**** DATASET ****
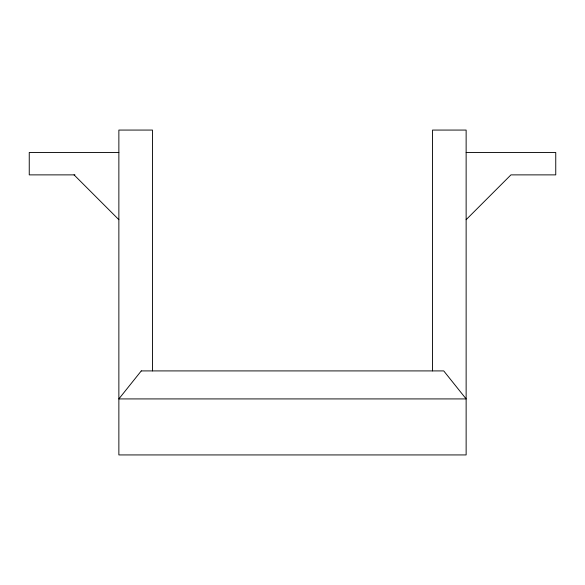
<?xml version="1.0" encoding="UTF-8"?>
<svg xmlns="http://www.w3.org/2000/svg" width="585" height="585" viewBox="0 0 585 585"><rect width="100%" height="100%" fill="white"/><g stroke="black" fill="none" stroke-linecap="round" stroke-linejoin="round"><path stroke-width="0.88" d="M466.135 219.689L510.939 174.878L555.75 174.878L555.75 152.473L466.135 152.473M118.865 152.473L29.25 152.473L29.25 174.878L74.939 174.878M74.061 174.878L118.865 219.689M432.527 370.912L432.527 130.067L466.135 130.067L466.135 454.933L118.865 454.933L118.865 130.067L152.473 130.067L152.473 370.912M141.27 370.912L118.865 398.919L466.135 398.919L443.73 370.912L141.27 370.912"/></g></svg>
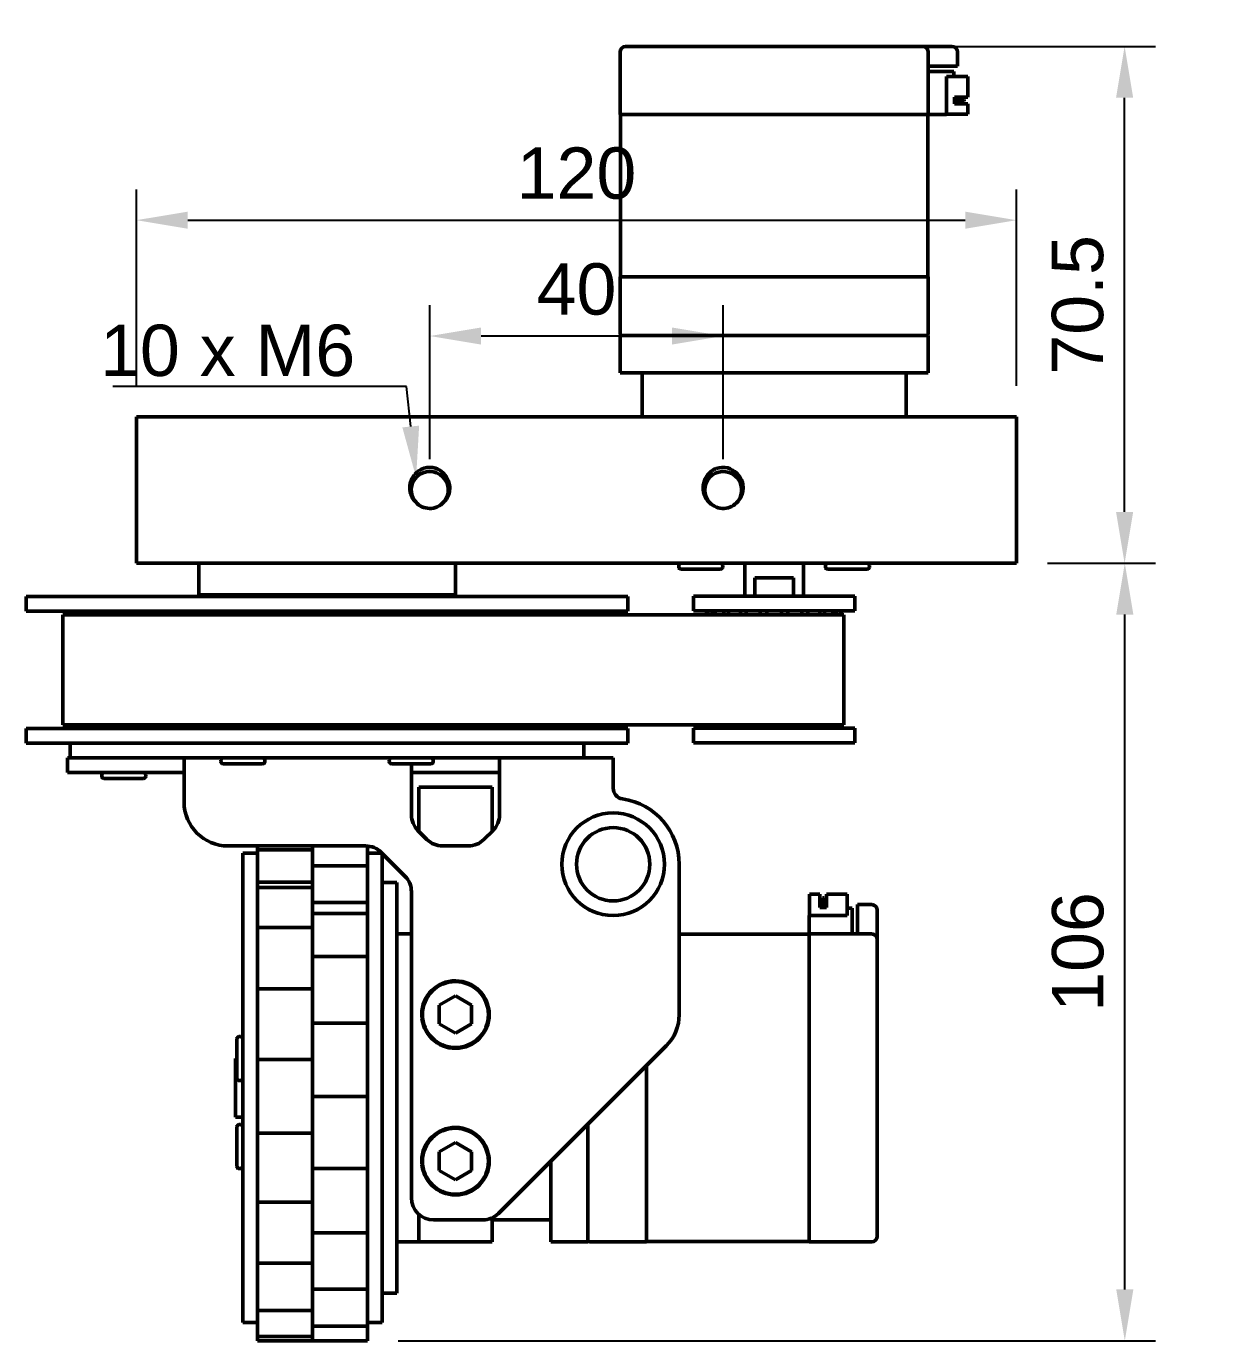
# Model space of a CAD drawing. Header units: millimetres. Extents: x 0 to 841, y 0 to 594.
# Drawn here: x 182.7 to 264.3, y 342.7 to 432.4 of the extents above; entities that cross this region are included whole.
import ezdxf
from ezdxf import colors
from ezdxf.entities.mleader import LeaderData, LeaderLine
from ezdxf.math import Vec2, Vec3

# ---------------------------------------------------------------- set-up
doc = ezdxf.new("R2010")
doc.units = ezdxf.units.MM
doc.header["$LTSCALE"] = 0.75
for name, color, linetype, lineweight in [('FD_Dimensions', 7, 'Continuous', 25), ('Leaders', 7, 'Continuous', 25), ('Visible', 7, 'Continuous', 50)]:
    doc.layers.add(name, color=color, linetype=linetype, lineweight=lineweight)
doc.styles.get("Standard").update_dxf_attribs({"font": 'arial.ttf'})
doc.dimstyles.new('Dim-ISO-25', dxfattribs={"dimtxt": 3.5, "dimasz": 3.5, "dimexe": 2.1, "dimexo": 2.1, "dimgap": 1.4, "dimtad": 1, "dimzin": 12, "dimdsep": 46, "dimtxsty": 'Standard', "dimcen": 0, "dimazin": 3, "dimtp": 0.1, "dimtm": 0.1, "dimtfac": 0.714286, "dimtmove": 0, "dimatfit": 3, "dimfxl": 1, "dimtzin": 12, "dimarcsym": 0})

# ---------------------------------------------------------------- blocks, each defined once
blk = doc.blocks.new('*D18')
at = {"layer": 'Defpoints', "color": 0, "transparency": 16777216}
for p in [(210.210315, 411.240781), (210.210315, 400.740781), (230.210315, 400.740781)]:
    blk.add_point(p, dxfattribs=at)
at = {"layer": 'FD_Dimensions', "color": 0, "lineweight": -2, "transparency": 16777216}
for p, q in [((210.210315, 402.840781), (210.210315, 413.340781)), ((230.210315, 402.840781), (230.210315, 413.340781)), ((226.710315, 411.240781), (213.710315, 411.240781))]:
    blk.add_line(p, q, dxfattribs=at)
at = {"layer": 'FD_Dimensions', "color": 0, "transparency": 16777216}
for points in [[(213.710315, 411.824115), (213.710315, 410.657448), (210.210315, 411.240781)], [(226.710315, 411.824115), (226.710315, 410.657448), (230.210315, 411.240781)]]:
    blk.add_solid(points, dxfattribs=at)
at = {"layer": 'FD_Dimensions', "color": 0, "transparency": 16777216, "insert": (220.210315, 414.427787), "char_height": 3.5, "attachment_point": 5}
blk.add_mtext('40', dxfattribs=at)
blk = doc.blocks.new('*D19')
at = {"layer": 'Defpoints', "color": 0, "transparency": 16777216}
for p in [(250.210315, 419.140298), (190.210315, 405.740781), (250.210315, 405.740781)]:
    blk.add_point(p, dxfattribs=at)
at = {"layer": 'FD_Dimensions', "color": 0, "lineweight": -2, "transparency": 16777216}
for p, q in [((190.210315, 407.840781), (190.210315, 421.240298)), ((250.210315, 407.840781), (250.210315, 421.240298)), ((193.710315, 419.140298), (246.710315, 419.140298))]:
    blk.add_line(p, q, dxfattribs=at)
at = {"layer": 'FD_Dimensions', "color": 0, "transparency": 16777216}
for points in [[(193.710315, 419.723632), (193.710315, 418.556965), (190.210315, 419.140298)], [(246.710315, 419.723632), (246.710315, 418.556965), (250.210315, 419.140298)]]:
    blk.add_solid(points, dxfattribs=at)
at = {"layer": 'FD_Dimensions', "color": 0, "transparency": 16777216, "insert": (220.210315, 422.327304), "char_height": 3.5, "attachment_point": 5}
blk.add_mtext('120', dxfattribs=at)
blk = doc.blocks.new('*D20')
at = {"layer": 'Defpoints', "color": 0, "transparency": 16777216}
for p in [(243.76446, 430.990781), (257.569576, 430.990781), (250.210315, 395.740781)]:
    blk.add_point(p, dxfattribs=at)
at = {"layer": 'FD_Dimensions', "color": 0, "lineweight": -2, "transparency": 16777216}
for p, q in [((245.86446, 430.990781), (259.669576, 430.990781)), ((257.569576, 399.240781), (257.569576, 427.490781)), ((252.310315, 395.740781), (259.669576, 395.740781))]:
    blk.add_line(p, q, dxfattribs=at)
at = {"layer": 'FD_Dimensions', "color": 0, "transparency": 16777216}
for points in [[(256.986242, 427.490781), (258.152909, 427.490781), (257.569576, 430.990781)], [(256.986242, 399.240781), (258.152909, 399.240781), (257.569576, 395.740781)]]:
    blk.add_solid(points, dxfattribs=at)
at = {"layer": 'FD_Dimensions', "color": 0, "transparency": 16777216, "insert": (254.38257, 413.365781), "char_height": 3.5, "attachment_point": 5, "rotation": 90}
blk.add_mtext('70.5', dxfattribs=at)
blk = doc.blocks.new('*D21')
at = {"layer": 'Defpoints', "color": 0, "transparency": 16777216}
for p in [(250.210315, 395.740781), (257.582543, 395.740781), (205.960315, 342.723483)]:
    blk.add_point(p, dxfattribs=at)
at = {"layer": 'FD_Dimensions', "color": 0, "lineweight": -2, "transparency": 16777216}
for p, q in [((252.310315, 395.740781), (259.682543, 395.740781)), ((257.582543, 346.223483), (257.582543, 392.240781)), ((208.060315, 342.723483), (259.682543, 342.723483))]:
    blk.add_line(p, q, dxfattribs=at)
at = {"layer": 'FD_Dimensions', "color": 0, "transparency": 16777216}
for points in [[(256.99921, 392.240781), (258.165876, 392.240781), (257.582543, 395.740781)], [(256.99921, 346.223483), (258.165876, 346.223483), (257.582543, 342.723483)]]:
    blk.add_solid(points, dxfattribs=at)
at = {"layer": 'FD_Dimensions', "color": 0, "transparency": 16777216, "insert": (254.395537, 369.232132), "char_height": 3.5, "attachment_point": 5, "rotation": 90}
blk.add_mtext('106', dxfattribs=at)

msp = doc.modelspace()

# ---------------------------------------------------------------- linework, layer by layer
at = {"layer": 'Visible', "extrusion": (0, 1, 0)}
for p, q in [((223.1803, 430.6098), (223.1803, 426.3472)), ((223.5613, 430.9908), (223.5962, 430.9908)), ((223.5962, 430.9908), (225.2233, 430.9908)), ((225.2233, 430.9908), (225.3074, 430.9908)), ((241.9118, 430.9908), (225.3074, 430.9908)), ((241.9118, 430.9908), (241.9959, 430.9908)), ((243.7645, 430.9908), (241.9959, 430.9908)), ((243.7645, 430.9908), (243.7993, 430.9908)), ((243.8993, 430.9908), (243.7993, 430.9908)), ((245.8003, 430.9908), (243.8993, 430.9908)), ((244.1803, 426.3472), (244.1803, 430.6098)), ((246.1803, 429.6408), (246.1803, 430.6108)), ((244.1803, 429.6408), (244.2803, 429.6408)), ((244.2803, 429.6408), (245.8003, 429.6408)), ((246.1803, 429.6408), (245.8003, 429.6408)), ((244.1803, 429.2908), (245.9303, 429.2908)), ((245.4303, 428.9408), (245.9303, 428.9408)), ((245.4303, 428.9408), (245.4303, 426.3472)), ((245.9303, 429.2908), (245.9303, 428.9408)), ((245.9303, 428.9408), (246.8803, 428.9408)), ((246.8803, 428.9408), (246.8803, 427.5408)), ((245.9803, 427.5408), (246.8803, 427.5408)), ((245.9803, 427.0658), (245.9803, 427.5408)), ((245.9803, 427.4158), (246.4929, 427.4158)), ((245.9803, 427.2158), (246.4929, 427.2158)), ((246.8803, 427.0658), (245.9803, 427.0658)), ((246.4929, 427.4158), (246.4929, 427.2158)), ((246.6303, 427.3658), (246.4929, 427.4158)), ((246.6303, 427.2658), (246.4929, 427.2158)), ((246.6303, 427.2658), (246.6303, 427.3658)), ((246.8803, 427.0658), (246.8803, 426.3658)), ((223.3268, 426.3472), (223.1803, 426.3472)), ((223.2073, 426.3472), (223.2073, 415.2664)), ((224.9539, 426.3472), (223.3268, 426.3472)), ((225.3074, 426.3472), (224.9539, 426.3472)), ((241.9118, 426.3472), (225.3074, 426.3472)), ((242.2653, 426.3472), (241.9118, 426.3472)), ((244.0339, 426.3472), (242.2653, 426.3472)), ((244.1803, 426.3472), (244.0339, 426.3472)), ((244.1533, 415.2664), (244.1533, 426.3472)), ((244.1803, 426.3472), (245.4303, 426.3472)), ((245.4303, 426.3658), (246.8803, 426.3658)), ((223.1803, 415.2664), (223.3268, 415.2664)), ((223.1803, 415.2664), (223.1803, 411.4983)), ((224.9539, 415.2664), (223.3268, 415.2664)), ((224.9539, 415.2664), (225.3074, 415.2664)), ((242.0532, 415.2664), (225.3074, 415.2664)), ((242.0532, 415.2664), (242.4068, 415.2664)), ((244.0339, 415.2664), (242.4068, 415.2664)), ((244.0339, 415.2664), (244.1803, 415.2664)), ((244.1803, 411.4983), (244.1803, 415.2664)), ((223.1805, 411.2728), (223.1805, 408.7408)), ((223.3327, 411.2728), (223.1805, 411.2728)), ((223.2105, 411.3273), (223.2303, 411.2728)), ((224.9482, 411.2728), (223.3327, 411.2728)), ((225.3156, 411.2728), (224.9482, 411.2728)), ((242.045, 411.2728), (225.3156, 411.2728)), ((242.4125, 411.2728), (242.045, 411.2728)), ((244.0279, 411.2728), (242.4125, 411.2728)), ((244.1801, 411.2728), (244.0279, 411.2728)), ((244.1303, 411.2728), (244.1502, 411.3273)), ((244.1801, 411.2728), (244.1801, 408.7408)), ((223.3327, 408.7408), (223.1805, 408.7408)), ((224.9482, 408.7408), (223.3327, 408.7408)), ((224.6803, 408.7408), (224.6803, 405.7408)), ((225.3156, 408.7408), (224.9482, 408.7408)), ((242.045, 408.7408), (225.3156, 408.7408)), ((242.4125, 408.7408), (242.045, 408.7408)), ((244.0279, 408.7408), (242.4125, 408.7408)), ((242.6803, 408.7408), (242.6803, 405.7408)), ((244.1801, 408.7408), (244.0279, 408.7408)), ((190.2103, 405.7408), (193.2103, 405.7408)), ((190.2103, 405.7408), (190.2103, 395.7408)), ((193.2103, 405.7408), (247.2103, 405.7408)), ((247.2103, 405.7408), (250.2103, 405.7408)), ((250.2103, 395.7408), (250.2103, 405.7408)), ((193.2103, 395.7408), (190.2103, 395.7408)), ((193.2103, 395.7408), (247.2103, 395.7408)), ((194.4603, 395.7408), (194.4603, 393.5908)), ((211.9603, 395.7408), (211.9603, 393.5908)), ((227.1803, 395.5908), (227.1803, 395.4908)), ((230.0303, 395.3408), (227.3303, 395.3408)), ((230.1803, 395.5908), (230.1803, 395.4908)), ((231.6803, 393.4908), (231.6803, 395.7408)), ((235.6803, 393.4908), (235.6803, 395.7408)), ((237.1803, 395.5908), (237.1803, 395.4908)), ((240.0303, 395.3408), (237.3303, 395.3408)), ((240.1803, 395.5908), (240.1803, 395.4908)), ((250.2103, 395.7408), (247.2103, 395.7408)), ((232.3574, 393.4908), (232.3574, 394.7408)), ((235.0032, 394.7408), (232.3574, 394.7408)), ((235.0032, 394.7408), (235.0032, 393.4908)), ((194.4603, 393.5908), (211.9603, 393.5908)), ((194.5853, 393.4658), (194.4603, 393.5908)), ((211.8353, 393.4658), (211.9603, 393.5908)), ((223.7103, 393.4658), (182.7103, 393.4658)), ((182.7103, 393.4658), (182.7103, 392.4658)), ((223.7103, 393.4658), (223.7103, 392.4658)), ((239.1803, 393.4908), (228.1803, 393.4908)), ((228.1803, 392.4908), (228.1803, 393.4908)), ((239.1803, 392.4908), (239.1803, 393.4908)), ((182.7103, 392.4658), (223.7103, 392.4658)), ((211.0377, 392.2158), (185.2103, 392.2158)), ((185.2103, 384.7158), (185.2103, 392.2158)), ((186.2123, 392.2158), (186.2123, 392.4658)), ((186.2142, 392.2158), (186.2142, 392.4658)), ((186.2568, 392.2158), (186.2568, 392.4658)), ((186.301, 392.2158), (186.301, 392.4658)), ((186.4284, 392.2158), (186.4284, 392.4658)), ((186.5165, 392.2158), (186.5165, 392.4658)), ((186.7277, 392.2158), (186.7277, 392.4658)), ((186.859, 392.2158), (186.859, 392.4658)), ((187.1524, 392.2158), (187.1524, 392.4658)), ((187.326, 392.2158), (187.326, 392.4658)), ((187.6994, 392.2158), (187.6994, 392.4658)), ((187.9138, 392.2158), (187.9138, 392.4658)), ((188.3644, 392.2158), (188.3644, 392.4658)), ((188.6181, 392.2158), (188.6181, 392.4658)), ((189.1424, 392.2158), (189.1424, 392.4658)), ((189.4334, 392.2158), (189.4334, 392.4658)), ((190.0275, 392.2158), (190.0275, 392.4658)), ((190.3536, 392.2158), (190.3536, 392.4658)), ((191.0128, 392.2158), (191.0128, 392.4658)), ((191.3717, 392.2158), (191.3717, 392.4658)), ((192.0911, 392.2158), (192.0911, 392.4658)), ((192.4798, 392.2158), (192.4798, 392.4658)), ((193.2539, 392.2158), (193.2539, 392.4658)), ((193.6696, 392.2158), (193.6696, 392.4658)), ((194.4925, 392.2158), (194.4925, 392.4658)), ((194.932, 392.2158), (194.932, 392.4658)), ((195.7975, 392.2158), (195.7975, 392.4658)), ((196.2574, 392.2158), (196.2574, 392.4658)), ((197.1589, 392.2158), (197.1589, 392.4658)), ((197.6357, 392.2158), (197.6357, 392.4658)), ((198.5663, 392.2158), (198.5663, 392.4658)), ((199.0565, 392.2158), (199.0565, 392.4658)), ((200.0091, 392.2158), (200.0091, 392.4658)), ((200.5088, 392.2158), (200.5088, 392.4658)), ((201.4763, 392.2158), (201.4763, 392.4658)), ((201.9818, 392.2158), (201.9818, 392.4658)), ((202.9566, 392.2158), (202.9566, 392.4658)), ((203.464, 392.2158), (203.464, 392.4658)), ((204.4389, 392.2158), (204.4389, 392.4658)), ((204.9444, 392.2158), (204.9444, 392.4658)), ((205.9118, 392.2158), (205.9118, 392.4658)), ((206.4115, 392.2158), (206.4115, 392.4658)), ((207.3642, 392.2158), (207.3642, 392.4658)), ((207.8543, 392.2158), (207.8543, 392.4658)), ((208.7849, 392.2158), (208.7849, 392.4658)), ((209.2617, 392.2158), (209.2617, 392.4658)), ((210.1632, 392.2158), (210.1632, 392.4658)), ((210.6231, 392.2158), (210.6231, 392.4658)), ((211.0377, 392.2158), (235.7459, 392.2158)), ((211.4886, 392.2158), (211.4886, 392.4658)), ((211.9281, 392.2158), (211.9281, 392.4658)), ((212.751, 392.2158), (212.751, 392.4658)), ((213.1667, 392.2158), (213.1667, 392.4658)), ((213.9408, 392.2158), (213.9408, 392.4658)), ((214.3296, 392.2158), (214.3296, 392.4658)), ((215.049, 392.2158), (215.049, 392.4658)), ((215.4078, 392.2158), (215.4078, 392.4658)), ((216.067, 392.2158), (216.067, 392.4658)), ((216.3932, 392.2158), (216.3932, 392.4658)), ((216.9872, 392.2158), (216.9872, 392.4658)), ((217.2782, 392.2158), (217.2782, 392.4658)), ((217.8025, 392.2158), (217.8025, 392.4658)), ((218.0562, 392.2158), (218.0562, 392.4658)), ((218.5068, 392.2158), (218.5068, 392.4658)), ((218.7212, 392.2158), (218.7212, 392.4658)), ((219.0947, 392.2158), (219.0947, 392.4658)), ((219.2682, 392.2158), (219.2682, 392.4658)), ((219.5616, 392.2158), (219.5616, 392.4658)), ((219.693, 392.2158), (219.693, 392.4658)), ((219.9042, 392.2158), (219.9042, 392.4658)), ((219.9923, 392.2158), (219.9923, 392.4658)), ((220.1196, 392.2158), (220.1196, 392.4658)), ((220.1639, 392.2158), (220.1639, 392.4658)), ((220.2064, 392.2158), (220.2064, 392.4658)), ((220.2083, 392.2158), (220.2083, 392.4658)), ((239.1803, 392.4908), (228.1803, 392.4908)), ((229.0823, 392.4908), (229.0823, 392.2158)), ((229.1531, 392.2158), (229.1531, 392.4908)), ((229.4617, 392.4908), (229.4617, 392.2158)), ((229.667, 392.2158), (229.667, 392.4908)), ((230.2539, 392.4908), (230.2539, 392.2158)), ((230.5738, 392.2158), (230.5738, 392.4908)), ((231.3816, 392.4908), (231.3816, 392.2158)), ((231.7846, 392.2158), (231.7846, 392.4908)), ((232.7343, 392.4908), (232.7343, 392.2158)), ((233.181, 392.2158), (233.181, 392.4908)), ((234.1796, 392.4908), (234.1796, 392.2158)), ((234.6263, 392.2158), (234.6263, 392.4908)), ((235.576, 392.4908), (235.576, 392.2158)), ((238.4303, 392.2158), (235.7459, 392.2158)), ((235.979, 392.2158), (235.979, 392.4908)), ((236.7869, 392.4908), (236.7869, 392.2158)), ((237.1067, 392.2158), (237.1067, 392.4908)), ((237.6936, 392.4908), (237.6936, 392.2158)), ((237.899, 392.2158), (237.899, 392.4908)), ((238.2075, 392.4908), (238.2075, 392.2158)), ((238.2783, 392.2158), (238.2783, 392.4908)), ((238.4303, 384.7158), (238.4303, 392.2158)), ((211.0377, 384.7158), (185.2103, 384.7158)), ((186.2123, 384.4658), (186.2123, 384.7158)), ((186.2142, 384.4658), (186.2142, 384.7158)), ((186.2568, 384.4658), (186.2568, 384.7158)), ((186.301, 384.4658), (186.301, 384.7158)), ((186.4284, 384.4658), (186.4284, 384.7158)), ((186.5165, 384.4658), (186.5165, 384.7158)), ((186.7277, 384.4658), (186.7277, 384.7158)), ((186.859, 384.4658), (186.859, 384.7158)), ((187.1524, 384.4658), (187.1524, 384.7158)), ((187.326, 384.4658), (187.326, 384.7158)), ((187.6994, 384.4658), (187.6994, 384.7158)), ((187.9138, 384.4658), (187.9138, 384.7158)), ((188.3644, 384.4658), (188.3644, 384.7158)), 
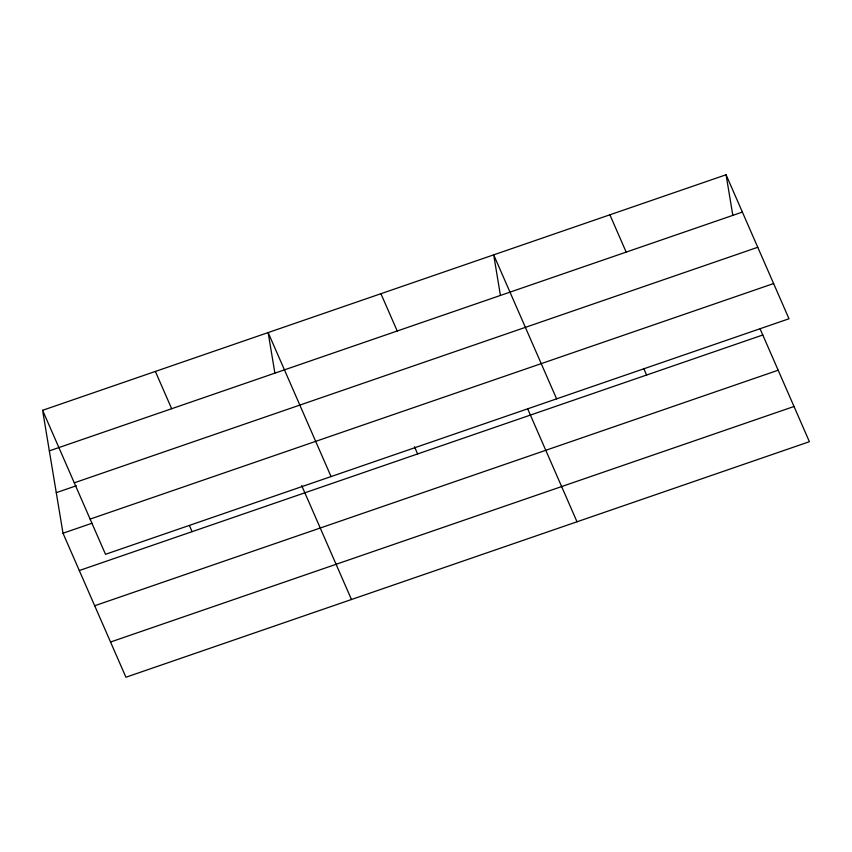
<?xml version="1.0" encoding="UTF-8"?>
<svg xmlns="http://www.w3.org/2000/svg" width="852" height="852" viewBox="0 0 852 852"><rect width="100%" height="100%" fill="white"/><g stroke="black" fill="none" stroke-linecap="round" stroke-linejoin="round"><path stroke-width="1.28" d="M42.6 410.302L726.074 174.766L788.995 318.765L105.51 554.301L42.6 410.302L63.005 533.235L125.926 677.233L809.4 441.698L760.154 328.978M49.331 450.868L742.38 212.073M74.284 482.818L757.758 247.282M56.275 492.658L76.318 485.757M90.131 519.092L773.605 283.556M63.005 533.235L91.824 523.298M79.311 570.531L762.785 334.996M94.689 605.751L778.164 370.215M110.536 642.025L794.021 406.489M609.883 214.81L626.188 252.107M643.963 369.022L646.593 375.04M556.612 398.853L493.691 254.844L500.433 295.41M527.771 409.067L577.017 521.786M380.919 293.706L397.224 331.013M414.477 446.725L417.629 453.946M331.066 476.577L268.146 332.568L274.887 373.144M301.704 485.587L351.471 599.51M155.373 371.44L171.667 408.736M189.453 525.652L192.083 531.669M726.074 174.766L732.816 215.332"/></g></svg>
****
## TASK
Every line that contains "Standard" should be copied out of the data.

## YOUR RESPONSE
doc.styles.get("Standard").update_dxf_attribs({"font": 'arial.ttf'})
doc.dimstyles.new('Dim-ISO-25', dxfattribs={"dimtxt": 3.5, "dimasz": 3.5, "dimexe": 2.1, "dimexo": 2.1, "dimgap": 1.4, "dimtad": 1, "dimzin": 12, "dimdsep": 46, "dimtxsty": 'Standard', "dimcen": 0, "dimazin": 3, "dimtp": 0.1, "dimtm": 0.1, "dimtfac": 0.714286, "dimtmove": 0, "dimatfit": 3, "dimfxl": 1, "dimtzin": 12, "dimarcsym": 0})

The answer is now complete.